The close relationship between Brassica and Arabidopsis makes it possible to find some candidate genes by referring to the known research in the model plant. For selection of the potential genes associated with the phenotype, all the genes in these confident regions of trait loci were annotated with the information of Arabidopsis homologous genes and functional descriptions. In the most confident 150-kb region of qTr (R 2 = 73.4) (trichome number) on the chromosome 6, a homolog of Arabidopsis GL1 (GLABROUS) located near the peak signal (Fig. 5A). GL1 is a central regulator of trichome cell fate decision [20], and its loss-of-function mutant does not produce trichome. The qTr allele of Wut contained three nonsynonymous substitutions, compared with that of Bre. Within the population of RIL lines, most had the short or no petiole in head leaves because leaf wings were along the petioles. The gene homologous to Arabidopsis ESR1 may be the candidate gene since it located in the 500-kb confident region, near the peak signal (Fig. 5B). In Arabidopsis, both AP2 domain transcription factors, ESR2 and ESR5 (LEAFY PETIOLE, LEP), have the phenotype with a shorter petiole [21], [22]. SAW1 was found near the peak signal in the 900-kb confident region of qLW-2 (R 2 = 13.1) (Fig. 5C). In Arabidopsis, saw1saw2 mutant displayed leaf serrations in lateral organs [23]. BrpGL1, BrpESR1, and BrpSAW1 were the three candidate genes that may regulate development of trichome, petiole, serration, and cell division and were supposed to function in formation of leafy heads. The fine mapping has been designed to identify the QTL alleles that control more important traits such as leaf incurvature, large blade, small inclination angle, and low leaf shape index.
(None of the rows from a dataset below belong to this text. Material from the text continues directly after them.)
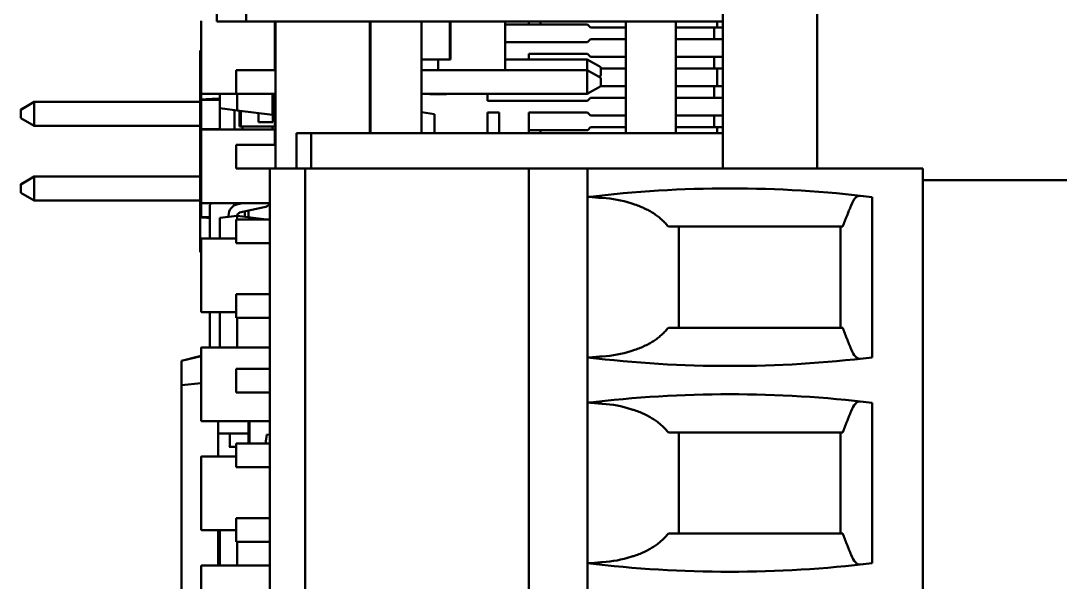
# Model space of a CAD drawing. Header units: millimetres. Extents: x 3118 to 4801, y 919 to 1849.
# Drawn here: x 3440.93 to 3458.59, y 1574.69 to 1584.24 of the extents above; entities that cross this region are included whole.
import ezdxf

# ---------------------------------------------------------------- set-up
doc = ezdxf.new("R2010")
doc.units = ezdxf.units.MM
doc.header["$LTSCALE"] = 1.8
doc.layers.add('외형선(ISO)', color=7, linetype='Continuous', lineweight=50)

msp = doc.modelspace()

# ---------------------------------------------------------------- linework, layer by layer
at = {"layer": '외형선(ISO)'}
for p, q in [((3454.46, 1599.037), (3454.46, 1581.727)), ((3452.86, 1584.227), (3452.86, 1596.227)), ((3444.26, 1585.227), (3444.26, 1584.227)), ((3444.76, 1584.227), (3444.76, 1585.227)), ((3443.995, 1584.239), (3443.995, 1582.999)), ((3444.26, 1584.227), (3444.76, 1584.227)), ((3452.86, 1584.227), (3444.76, 1584.227)), ((3445.245, 1583.401), (3445.245, 1584.227)), ((3445.257, 1581.727), (3445.257, 1584.227)), ((3446.86, 1582.327), (3446.86, 1584.227)), ((3446.872, 1584.227), (3446.872, 1582.327)), ((3447.735, 1584.227), (3447.735, 1582.327)), ((3448.221, 1583.582), (3448.221, 1584.227)), ((3448.231, 1583.582), (3448.231, 1584.227)), ((3449.161, 1584.227), (3449.161, 1583.401)), ((3449.56, 1584.177), (3449.56, 1584.227)), ((3449.76, 1584.177), (3449.76, 1584.227)), ((3451.21, 1584.227), (3451.21, 1582.327)), ((3452.06, 1582.327), (3452.06, 1584.227)), ((3452.76, 1584.127), (3452.76, 1584.227)), ((3452.86, 1582.327), (3452.86, 1584.227)), ((3450.56, 1584.177), (3449.161, 1584.177)), ((3450.61, 1584.127), (3450.56, 1584.177)), ((3450.61, 1584.127), (3451.21, 1584.127)), ((3452.06, 1584.127), (3452.61, 1584.127)), ((3452.61, 1584.127), (3452.71, 1584.127)), ((3452.71, 1584.127), (3452.86, 1584.127)), ((3452.71, 1583.927), (3452.71, 1584.127)), ((3449.161, 1583.877), (3450.56, 1583.877)), ((3450.56, 1583.877), (3450.61, 1583.927)), ((3451.21, 1583.927), (3450.61, 1583.927)), ((3452.61, 1583.927), (3452.06, 1583.927)), ((3452.61, 1583.927), (3452.71, 1583.927)), ((3452.86, 1583.927), (3452.71, 1583.927)), ((3443.995, 1583.735), (3443.975, 1583.735)), ((3443.975, 1583.735), (3443.975, 1583.734)), ((3443.995, 1583.734), (3443.975, 1583.734)), ((3443.975, 1583.734), (3443.975, 1580.305)), ((3449.56, 1583.581), (3449.56, 1583.677)), ((3449.86, 1583.677), (3449.56, 1583.677)), ((3450.56, 1583.677), (3449.86, 1583.677)), ((3450.56, 1583.677), (3450.61, 1583.627)), ((3447.916, 1583.582), (3447.735, 1583.582)), ((3448.018, 1583.582), (3448.018, 1583.401)), ((3448.231, 1583.582), (3448.221, 1583.582)), ((3449.161, 1583.581), (3450.555, 1583.581)), ((3450.555, 1583.581), (3449.161, 1583.581)), ((3449.161, 1583.581), (3450.555, 1583.581)), ((3450.555, 1583.581), (3449.161, 1583.581)), ((3450.555, 1583.581), (3450.555, 1583.401)), ((3450.555, 1583.581), (3450.555, 1583.581)), ((3450.555, 1583.581), (3450.555, 1583.581)), ((3450.555, 1583.581), (3450.783, 1583.449)), ((3450.783, 1583.449), (3450.555, 1583.581)), ((3450.555, 1583.581), (3450.555, 1583.581)), ((3450.783, 1583.449), (3450.555, 1583.581)), ((3450.555, 1583.581), (3450.783, 1583.449)), ((3451.21, 1583.627), (3450.61, 1583.627)), ((3452.61, 1583.627), (3452.06, 1583.627)), ((3452.61, 1583.627), (3452.71, 1583.627)), ((3452.86, 1583.627), (3452.71, 1583.627)), ((3452.71, 1583.427), (3452.71, 1583.627)), ((3445.257, 1583.401), (3444.586, 1583.401)), ((3444.586, 1583.401), (3444.586, 1583.401)), ((3444.586, 1583.401), (3444.586, 1583.401)), ((3444.586, 1583.401), (3445.257, 1583.401)), ((3444.586, 1583.401), (3444.586, 1582.995)), ((3444.586, 1583.401), (3444.586, 1583.401)), ((3444.586, 1583.401), (3445.257, 1583.401)), ((3445.257, 1583.401), (3444.586, 1583.401)), ((3446.872, 1583.401), (3446.86, 1583.401)), ((3446.86, 1583.401), (3446.872, 1583.401)), ((3446.86, 1583.401), (3446.872, 1583.401)), ((3446.872, 1583.401), (3446.86, 1583.401)), ((3447.735, 1583.401), (3450.555, 1583.401)), ((3450.555, 1583.401), (3447.735, 1583.401)), ((3447.735, 1583.401), (3450.555, 1583.401)), ((3450.555, 1583.401), (3447.735, 1583.401)), ((3450.555, 1583.401), (3450.783, 1583.269)), ((3450.555, 1583.401), (3450.555, 1582.995)), ((3450.555, 1583.401), (3450.555, 1583.401)), ((3450.783, 1583.269), (3450.555, 1583.401)), ((3450.555, 1583.401), (3450.555, 1583.401)), ((3450.555, 1583.401), (3450.783, 1583.269)), ((3450.555, 1583.401), (3450.555, 1583.401)), ((3450.783, 1583.269), (3450.555, 1583.401)), ((3450.783, 1583.449), (3450.783, 1583.449)), ((3450.783, 1583.449), (3450.783, 1583.449)), ((3450.783, 1583.449), (3450.783, 1583.449)), ((3450.783, 1583.449), (3450.783, 1583.306)), ((3451.21, 1583.427), (3450.783, 1583.427)), ((3452.61, 1583.427), (3452.06, 1583.427)), ((3452.61, 1583.427), (3452.71, 1583.427)), ((3452.71, 1583.427), (3452.86, 1583.427)), ((3452.76, 1583.127), (3452.76, 1583.427)), ((3450.783, 1583.306), (3450.752, 1583.288)), ((3450.783, 1583.269), (3450.783, 1583.127)), ((3450.783, 1583.269), (3450.783, 1583.269)), ((3450.783, 1583.269), (3450.783, 1583.269)), ((3450.783, 1583.269), (3450.783, 1583.269)), ((3443.995, 1582.999), (3443.995, 1582.905)), ((3444, 1582.994), (3445.24, 1582.994)), ((3444.307, 1582.75), (3444.307, 1582.994)), ((3445.257, 1582.995), (3444.586, 1582.995)), ((3444.607, 1582.994), (3444.607, 1582.713)), ((3445.207, 1582.639), (3445.207, 1582.994)), ((3445.208, 1582.516), (3445.208, 1582.994)), ((3445.245, 1582.439), (3445.245, 1582.995)), ((3445.245, 1582.905), (3445.245, 1582.995)), ((3446.872, 1582.995), (3446.86, 1582.995)), ((3450.555, 1582.995), (3447.735, 1582.995)), ((3447.735, 1582.995), (3448.018, 1582.985)), ((3448.302, 1582.995), (3448.018, 1582.985)), ((3448.018, 1582.995), (3448.018, 1582.985)), ((3448.86, 1582.877), (3448.86, 1582.995)), ((3450.783, 1583.127), (3450.555, 1582.995)), ((3450.783, 1583.127), (3451.21, 1583.127)), ((3452.06, 1583.127), (3452.61, 1583.127)), ((3452.61, 1583.127), (3452.71, 1583.127)), ((3452.71, 1583.127), (3452.86, 1583.127)), ((3452.71, 1582.927), (3452.71, 1583.127)), ((3441.155, 1582.859), (3440.927, 1582.727)), ((3440.927, 1582.726), (3441.155, 1582.858)), ((3441.155, 1582.858), (3440.927, 1582.726)), ((3440.927, 1582.726), (3441.155, 1582.858)), ((3441.155, 1582.858), (3440.927, 1582.726)), ((3440.927, 1582.726), (3441.155, 1582.858)), ((3441.155, 1582.858), (3440.927, 1582.726)), ((3440.927, 1582.727), (3441.155, 1582.858)), ((3440.927, 1582.726), (3441.155, 1582.858)), ((3441.155, 1582.858), (3440.927, 1582.726)), ((3443.975, 1582.859), (3441.155, 1582.859)), ((3441.155, 1582.859), (3441.155, 1582.858)), ((3443.975, 1582.858), (3441.155, 1582.858)), ((3441.155, 1582.858), (3441.155, 1582.858)), ((3443.975, 1582.858), (3441.155, 1582.858)), ((3441.155, 1582.858), (3443.975, 1582.858)), ((3443.975, 1582.858), (3441.155, 1582.858)), ((3441.155, 1582.858), (3441.155, 1582.858)), ((3441.155, 1582.858), (3443.975, 1582.858)), ((3443.975, 1582.858), (3441.155, 1582.858)), ((3441.155, 1582.858), (3441.155, 1582.858)), ((3441.155, 1582.858), (3443.975, 1582.858)), ((3443.975, 1582.858), (3441.155, 1582.858)), ((3441.155, 1582.858), (3441.155, 1582.858)), ((3441.155, 1582.858), (3443.975, 1582.858)), ((3441.155, 1582.858), (3441.155, 1582.858)), ((3441.155, 1582.858), (3441.155, 1582.858)), ((3441.155, 1582.858), (3441.155, 1582.858)), ((3441.155, 1582.858), (3441.155, 1582.858)), ((3441.155, 1582.451), (3441.155, 1582.858)), ((3443.995, 1582.891), (3443.995, 1582.891)), ((3443.995, 1582.891), (3443.995, 1582.401)), ((3444, 1582.9), (3444.042, 1582.9)), ((3444.307, 1582.896), (3444, 1582.896)), ((3445.245, 1582.891), (3445.245, 1582.891)), ((3445.245, 1582.593), (3445.245, 1582.891)), ((3446.86, 1582.78), (3446.872, 1582.781)), ((3446.86, 1582.78), (3446.872, 1582.781)), ((3446.86, 1582.78), (3446.872, 1582.781)), ((3446.86, 1582.78), (3446.872, 1582.781)), ((3446.86, 1582.78), (3446.872, 1582.781)), ((3446.86, 1582.78), (3446.872, 1582.781)), ((3446.872, 1582.64), (3446.86, 1582.78)), ((3446.86, 1582.78), (3446.86, 1582.78)), ((3446.86, 1582.78), (3446.86, 1582.78)), ((3449.16, 1582.877), (3448.86, 1582.877)), ((3449.16, 1582.877), (3450.56, 1582.877)), ((3450.56, 1582.877), (3450.61, 1582.927)), ((3451.21, 1582.927), (3450.61, 1582.927)), ((3452.61, 1582.927), (3452.06, 1582.927)), ((3452.61, 1582.927), (3452.71, 1582.927)), ((3452.86, 1582.927), (3452.71, 1582.927)), ((3440.927, 1582.726), (3440.927, 1582.727)), ((3440.927, 1582.727), (3440.927, 1582.727)), ((3440.927, 1582.726), (3440.927, 1582.726)), ((3440.927, 1582.726), (3440.927, 1582.726)), ((3440.927, 1582.726), (3440.927, 1582.726)), ((3440.927, 1582.726), (3440.927, 1582.726)), ((3440.927, 1582.726), (3440.927, 1582.726)), ((3440.927, 1582.726), (3440.927, 1582.726)), ((3440.927, 1582.583), (3440.927, 1582.726)), ((3440.927, 1582.726), (3440.927, 1582.726)), ((3444.607, 1582.713), (3444.307, 1582.75)), ((3444.307, 1582.39), (3444.307, 1582.75)), ((3444.557, 1582.719), (3444.557, 1582.39)), ((3444.607, 1582.713), (3445.207, 1582.639)), ((3444.645, 1582.709), (3444.645, 1582.439)), ((3444.664, 1582.439), (3444.664, 1582.706)), ((3444.967, 1582.516), (3444.967, 1582.669)), ((3447.96, 1582.651), (3447.735, 1582.683)), ((3447.735, 1582.683), (3447.96, 1582.651)), ((3447.96, 1582.651), (3447.96, 1582.327)), ((3447.96, 1582.651), (3447.96, 1582.651)), ((3448.86, 1582.327), (3448.86, 1582.677)), ((3448.86, 1582.677), (3449.06, 1582.677)), ((3449.06, 1582.327), (3449.06, 1582.677)), ((3449.56, 1582.377), (3449.56, 1582.677)), ((3449.86, 1582.677), (3449.56, 1582.677)), ((3450.56, 1582.677), (3449.86, 1582.677)), ((3450.56, 1582.677), (3450.61, 1582.627)), ((3451.21, 1582.627), (3450.61, 1582.627)), ((3452.61, 1582.627), (3452.06, 1582.627)), ((3452.61, 1582.627), (3452.71, 1582.627)), ((3452.86, 1582.627), (3452.71, 1582.627)), ((3452.71, 1582.427), (3452.71, 1582.627)), ((3441.155, 1582.451), (3440.927, 1582.583)), ((3441.155, 1582.451), (3443.975, 1582.451)), ((3444.664, 1582.439), (3444.645, 1582.439)), ((3445.245, 1582.439), (3444.664, 1582.439)), ((3444.697, 1582.39), (3444.697, 1582.439)), ((3444.967, 1582.516), (3445.208, 1582.516)), ((3445.207, 1582.439), (3445.207, 1582.39)), ((3445.257, 1582.593), (3445.245, 1582.593)), ((3450.61, 1582.427), (3450.563, 1582.377)), ((3451.21, 1582.427), (3450.61, 1582.427)), ((3452.61, 1582.427), (3452.06, 1582.427)), ((3452.61, 1582.427), (3452.71, 1582.427)), ((3452.71, 1582.427), (3452.86, 1582.427)), ((3452.76, 1582.327), (3452.76, 1582.427)), ((3443.995, 1582.384), (3443.995, 1581.144)), ((3444, 1582.396), (3444.307, 1582.396)), ((3444, 1582.389), (3444, 1582.39)), ((3444, 1582.39), (3445.24, 1582.39)), ((3445.24, 1582.389), (3444, 1582.389)), ((3445.24, 1582.39), (3445.24, 1582.389)), ((3445.245, 1582.131), (3445.245, 1582.384)), ((3445.61, 1582.327), (3445.86, 1582.327)), ((3445.61, 1581.727), (3445.61, 1582.327)), ((3445.86, 1581.727), (3445.86, 1582.327)), ((3445.86, 1582.327), (3445.96, 1582.327)), ((3452.86, 1582.327), (3445.96, 1582.327)), ((3449.56, 1582.327), (3449.56, 1582.377)), ((3449.86, 1582.377), (3449.56, 1582.377)), ((3449.76, 1582.327), (3449.76, 1582.377)), ((3449.86, 1582.377), (3450.563, 1582.377)), ((3452.86, 1582.327), (3452.86, 1581.727)), ((3445.257, 1582.131), (3444.586, 1582.131)), ((3444.586, 1582.131), (3445.257, 1582.131)), ((3444.586, 1582.131), (3444.586, 1581.725)), ((3444.586, 1582.131), (3444.586, 1582.131)), ((3444.586, 1582.131), (3444.586, 1582.131)), ((3444.586, 1582.131), (3444.586, 1582.131)), ((3444.586, 1582.131), (3445.257, 1582.131)), ((3445.257, 1582.131), (3444.586, 1582.131)), ((3445.16, 1581.725), (3444.586, 1581.725)), ((3445.16, 1581.727), (3445.46, 1581.727)), ((3445.16, 1567.527), (3445.16, 1581.727)), ((3445.46, 1581.727), (3445.76, 1581.727)), ((3445.76, 1567.527), (3445.76, 1581.727)), ((3445.76, 1581.727), (3449.56, 1581.727)), ((3449.56, 1567.527), (3449.56, 1581.727)), ((3449.56, 1581.727), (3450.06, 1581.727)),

Figure 5. Precise locations of three QTLs and candidate genes.

Figure 5

Curves indicate chromosomal locations and LOD values of detected QTLs. Names and phenotypic effect (R2) of the QTLs are indicated. Recombination bins near the LOD peaks of the QTL are illustrated as horizontal bars with their numbers labeled inside. Shaded bin overlaps the LOD peak of a QTL. The portion of a curve and corresponding bins defining the 95% confidence interval of a QTL are bracketed by two lines. The relative physical position of a candidate gene in the bin is indicated by an arrow head.

Discussion

Genotype data quality of the parental lines is one of the most important elements for genotype calling in mapping population. In rice, both of the two subspecies (indica and japonica) are used as the parental lines of the mapping population with high quality SNP information [8]. In this case, the SNP data of low-coverage sequencing of the RIL population are directly applied to genotyping, without deep sequencing of biparents. In B. rapa, however, the reference genome sequences are incomplete [17]. Both genotypes we studied are different from the reference genotype Chiifu-401-42. Using the method of Huang et al. [8], we experienced segregation distortion in RIL population of B. rapa and double cross-over between two adjacent 100-kb intervals that were apparently caused by false SNPs. Through assistance of Hidden Markov Model in the RIL population, such false positive SNPs were filtered out.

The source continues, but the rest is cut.